## [DATA FOR REVIEW]
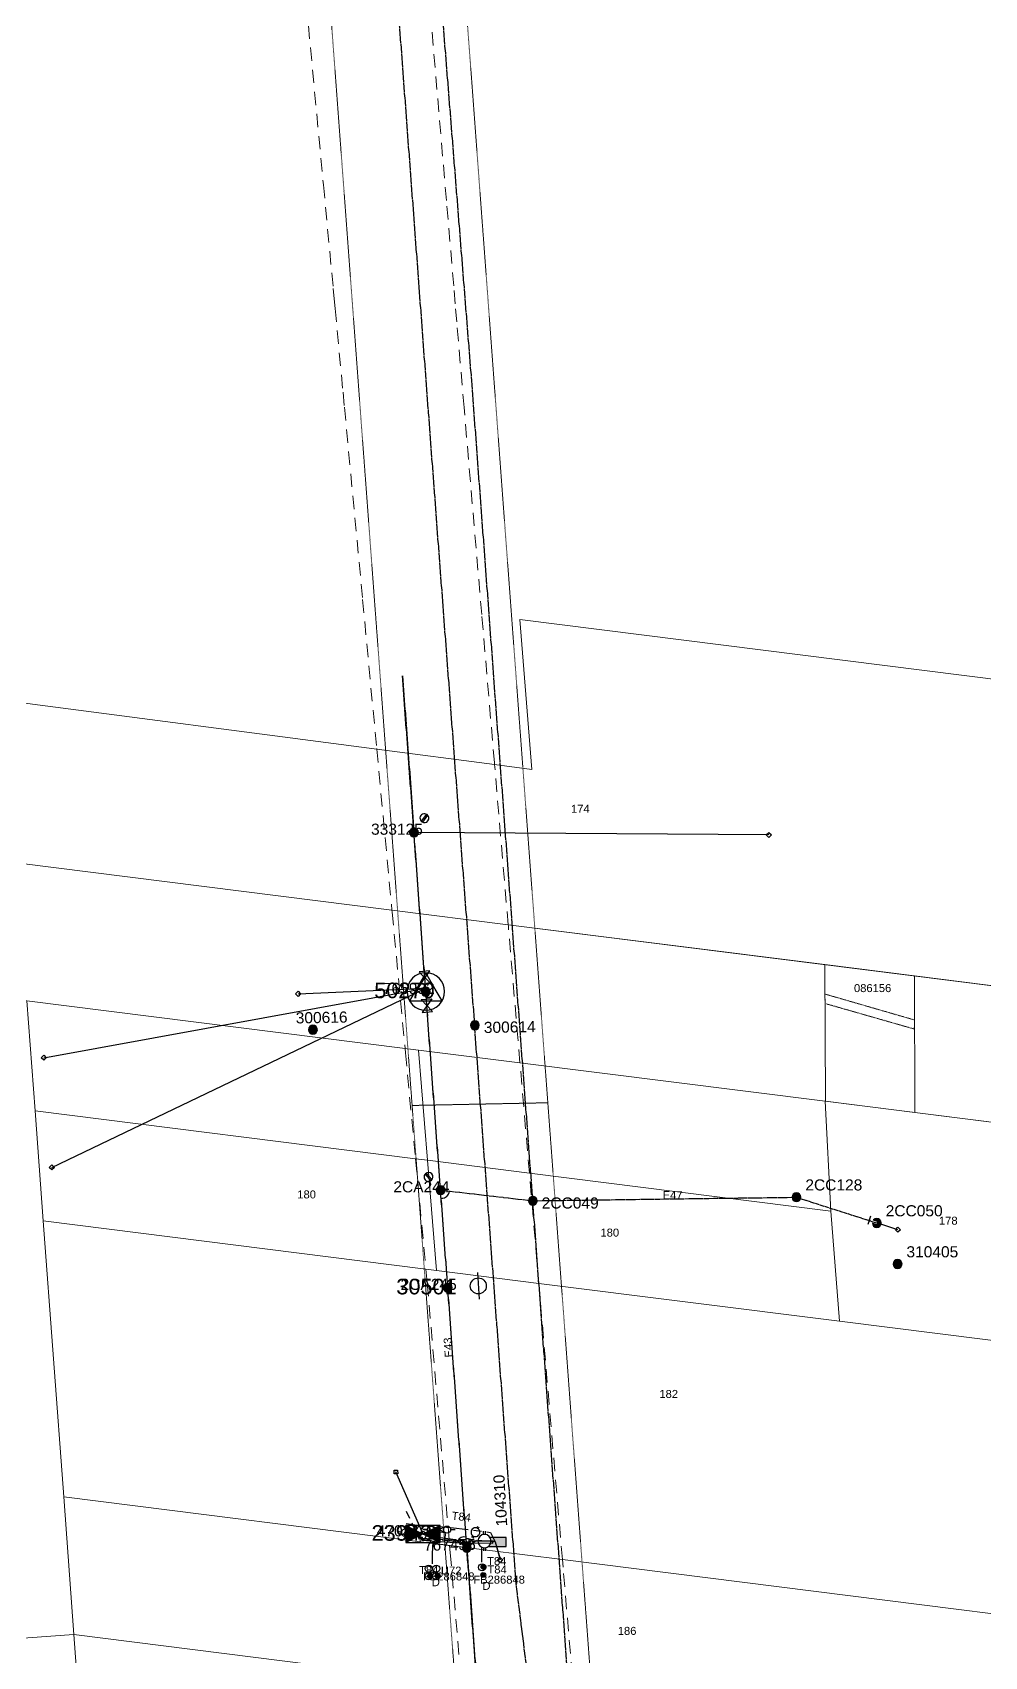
# Model space of a CAD drawing. Header units: metres. Extents: x 277863 to 282129, y 6130772 to 6135401.
# Drawn here: x 281088.4 to 281302.6, y 6133830.7 to 6134196.1 of the extents above; entities that cross this region are included whole.
import ezdxf
from ezdxf.enums import TextEntityAlignment as Align

# ---------------------------------------------------------------- set-up
doc = ezdxf.new("R2010")
doc.units = ezdxf.units.M
for name, pattern in [('Cable Exist OH', [1, 1, 0]), ('Cable Exist UG', [8.2, 4, -1.2, 1.8, -1.2]), ('Dash', [5, 3, -2]), ('HIDDEN', [0.375, 0.25, -0.125]), ('HIDDEN2', [0.1875, 0.125, -0.0625])]:
    doc.linetypes.add(name, pattern=pattern)
doc.layers.get('0').update_dxf_attribs({"color": 6})
for name, color, linetype, lineweight in [('Cadastre Buildings_SP_EXT', 9, 'Continuous', 5), ('Cadastre Easements_SP_EXT', 9, 'Continuous', 5), ('Cadastre Land Parcels_SP_EXT', 9, 'Continuous', 5), ('Cadastre Other Property_SP_EXT', 9, 'HIDDEN', 5), ('Cadastre Roads_SP_EXT', 9, 'Continuous', 5)]:
    doc.layers.add(name, color=color, linetype=linetype, lineweight=lineweight)
for name, color, linetype in [('Duct_SP_EXT', 7, 'Continuous'), ('Equip_HV_EXT', 7, 'Continuous'), ('Equip_LV_EXT', 7, 'Continuous'), ('Equip_SP_HV_EXT', 7, 'Continuous'), ('Equip_SP_LV_EXT', 7, 'Continuous'), ('Mains_HV_EXT', 7, 'Continuous'), ('Mains_LV_EXT', 7, 'Continuous'), ('Mains_TR_EXT', 7, 'Continuous'), ('Services_SP_EXT', 7, 'Continuous'), ('Sub_SP_EXT', 7, 'Continuous'), ('Sub_SP_TR_HV_LV_EXT', 7, 'Continuous'), ('SupportsOH_SP_TR_HV_LV_SL_EXT', 7, 'Continuous'), ('SupportsUG_SP_LV_EXT', 7, 'Continuous'), ('Trench_SP_EXT', 7, 'Continuous')]:
    doc.layers.add(name, color=color, linetype=linetype)
doc.styles.add('HVSW_LABEL', font='arial.ttf')
doc.styles.add('iecARIAL', font='arial.ttf', dxfattribs={"height": 2})
doc.styles.add('POLE_LABEL', font='arial.ttf')
doc.styles.get("Standard").update_dxf_attribs({"font": 'arial.ttf'})
doc.styles.add('SWITCH_LABEL', font='arial.ttf', dxfattribs={"height": 2.5})

# ---------------------------------------------------------------- blocks, each defined once
blk = doc.blocks.new('SUB_POLE_EXT')
blk.add_wipeout([(0, 4.22), (0.42, 4.2), (0.83, 4.14), (1.21, 4.05), (1.62, 3.9), (1.99, 3.72), (2.35, 3.51), (2.68, 3.26), (2.99, 2.99), (3.28, 2.66), (3.52, 2.34), (3.76, 1.92), (3.9, 1.62), (4.04, 1.23), (4.18, 0.63), (4.22, 0), (4.18, -0.61), (4.06, -1.15), (3.9, -1.62), (3.58, -2.24), (3.22, -2.73), (2.97, -3.01), (2.68, -3.26), (2.36, -3.5), (2, -3.72), (1.64, -3.89), (1.25, -4.03), (0.82, -4.14), (0.42, -4.2), (0, -4.22), (-0.41, -4.2), (-0.8, -4.15), (-1.21, -4.05), (-1.62, -3.9), (-1.99, -3.73), (-2.35, -3.51), (-2.68, -3.26), (-2.96, -3.02), (-3.23, -2.72), (-3.51, -2.35), (-3.71, -2.01), (-3.91, -1.6), (-4.05, -1.21), (-4.16, -0.76), (-4.22, -0.14), (-4.21, 0.39), (-4.14, 0.83), (-4.03, 1.27), (-3.9, 1.63), (-3.71, 2.02), (-3.5, 2.37), (-3.28, 2.67), (-2.99, 2.99), (-2.68, 3.27), (-2.33, 3.52), (-1.98, 3.73), (-1.63, 3.9), (-1.2, 4.05), (-0.78, 4.15), (-0.4, 4.21)])
blk.add_line((2.16, 0.48), (2.16, 0.48, 0))
blk.add_lwpolyline([(-4.22, 0, 1), (4.22, 0, 1)], format="xyb", close=True)
blk.add_lwpolyline([(2.14, 0.52), (0, 4.22), (-3.66, -2.11), (3.66, -2.11)], close=True)
for tag, height, flags, p in [('ASSET_NUM', 3.5, 8, (2, 2)), ('STREET_CODE', 0.2, 9, (1.5, 0)), ('CONSTRUCTED_VOLTAGE', 0.2, 9, (1.5, -0.2)), ('OPERATING_VOLTAGE', 0.2, 9, (1.5, -0.6)), ('OPERATED_BY', 0.2, 9, (1.5, -0.8)), ('ORIENTATION', 0.2, 9, (1.5, -1.2)), ('OWNED_BY', 0.2, 9, (1.5, -1.4)), ('SECONDARY_VOLTAGE', 0.2, 9, (1.5, -1.6)), ('STATE', 0.2, 9, (1.5, -1.8)), ('SUBSTATION_TYPE', 0.2, 9, (1.5, -2)), ('STREETNAME', 0.2, 9, (1.5, -2.8)), ('SUBURB', 0.2, 9, (1.5, -3)), ('Z', 0.2, 1, (1.5, -3.4)), ('NO_PHASES', 0.2, 9, (1.5, -0.4)), ('MAINTAINED_BY', 0.2, 9, (1.5, -1)), ('USAGE', 0.2, 9, (1.5, -2.2)), ('LEGEND', 0.2, 9, (1.5, -2.4)), ('LOCATION', 0.2, 9, (1.5, -2.6)), ('NOTES', 0.2, 9, (1.5, -3.2))]:
    blk.add_attdef(tag, text='', height=height, dxfattribs=dict(flags=flags)).set_placement(p, align=Align.MIDDLE_LEFT)
blk = doc.blocks.new('SUB_PADMOUNT_EXT')
for points in [[(0, 0), (-3.84, 1.92), (-3.84, -1.92)], [(0, 0), (3.84, 1.92), (3.84, -1.92)]]:
    blk.add_hatch(color=256).paths.add_polyline_path(points)
for p, q in [((3.84, 1.92), (-3.84, -1.92)), ((-3.84, 1.92), (3.84, -1.92))]:
    blk.add_line(p, q)
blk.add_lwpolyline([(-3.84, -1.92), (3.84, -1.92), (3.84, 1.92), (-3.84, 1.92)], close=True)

## [WHAT IS EXPECTED]
Every line from the start of the material through the line holding "color=color, linetype=linetype, lineweight=lineweight)" must be returned exactly, and the pictures must not.

## [TASK RESPONSE]
# Model space of a CAD drawing. Header units: metres. Extents: x 277863 to 282129, y 6130772 to 6135401.
# Drawn here: x 281088.4 to 281302.6, y 6133830.7 to 6134196.1 of the extents above; entities that cross this region are included whole.
import ezdxf
from ezdxf.enums import TextEntityAlignment as Align

# ---------------------------------------------------------------- set-up
doc = ezdxf.new("R2010")
doc.units = ezdxf.units.M
for name, pattern in [('Cable Exist OH', [1, 1, 0]), ('Cable Exist UG', [8.2, 4, -1.2, 1.8, -1.2]), ('Dash', [5, 3, -2]), ('HIDDEN', [0.375, 0.25, -0.125]), ('HIDDEN2', [0.1875, 0.125, -0.0625])]:
    doc.linetypes.add(name, pattern=pattern)
doc.layers.get('0').update_dxf_attribs({"color": 6})
for name, color, linetype, lineweight in [('Cadastre Buildings_SP_EXT', 9, 'Continuous', 5), ('Cadastre Easements_SP_EXT', 9, 'Continuous', 5), ('Cadastre Land Parcels_SP_EXT', 9, 'Continuous', 5), ('Cadastre Other Property_SP_EXT', 9, 'HIDDEN', 5), ('Cadastre Roads_SP_EXT', 9, 'Continuous', 5)]:
    doc.layers.add(name, color=color, linetype=linetype, lineweight=lineweight)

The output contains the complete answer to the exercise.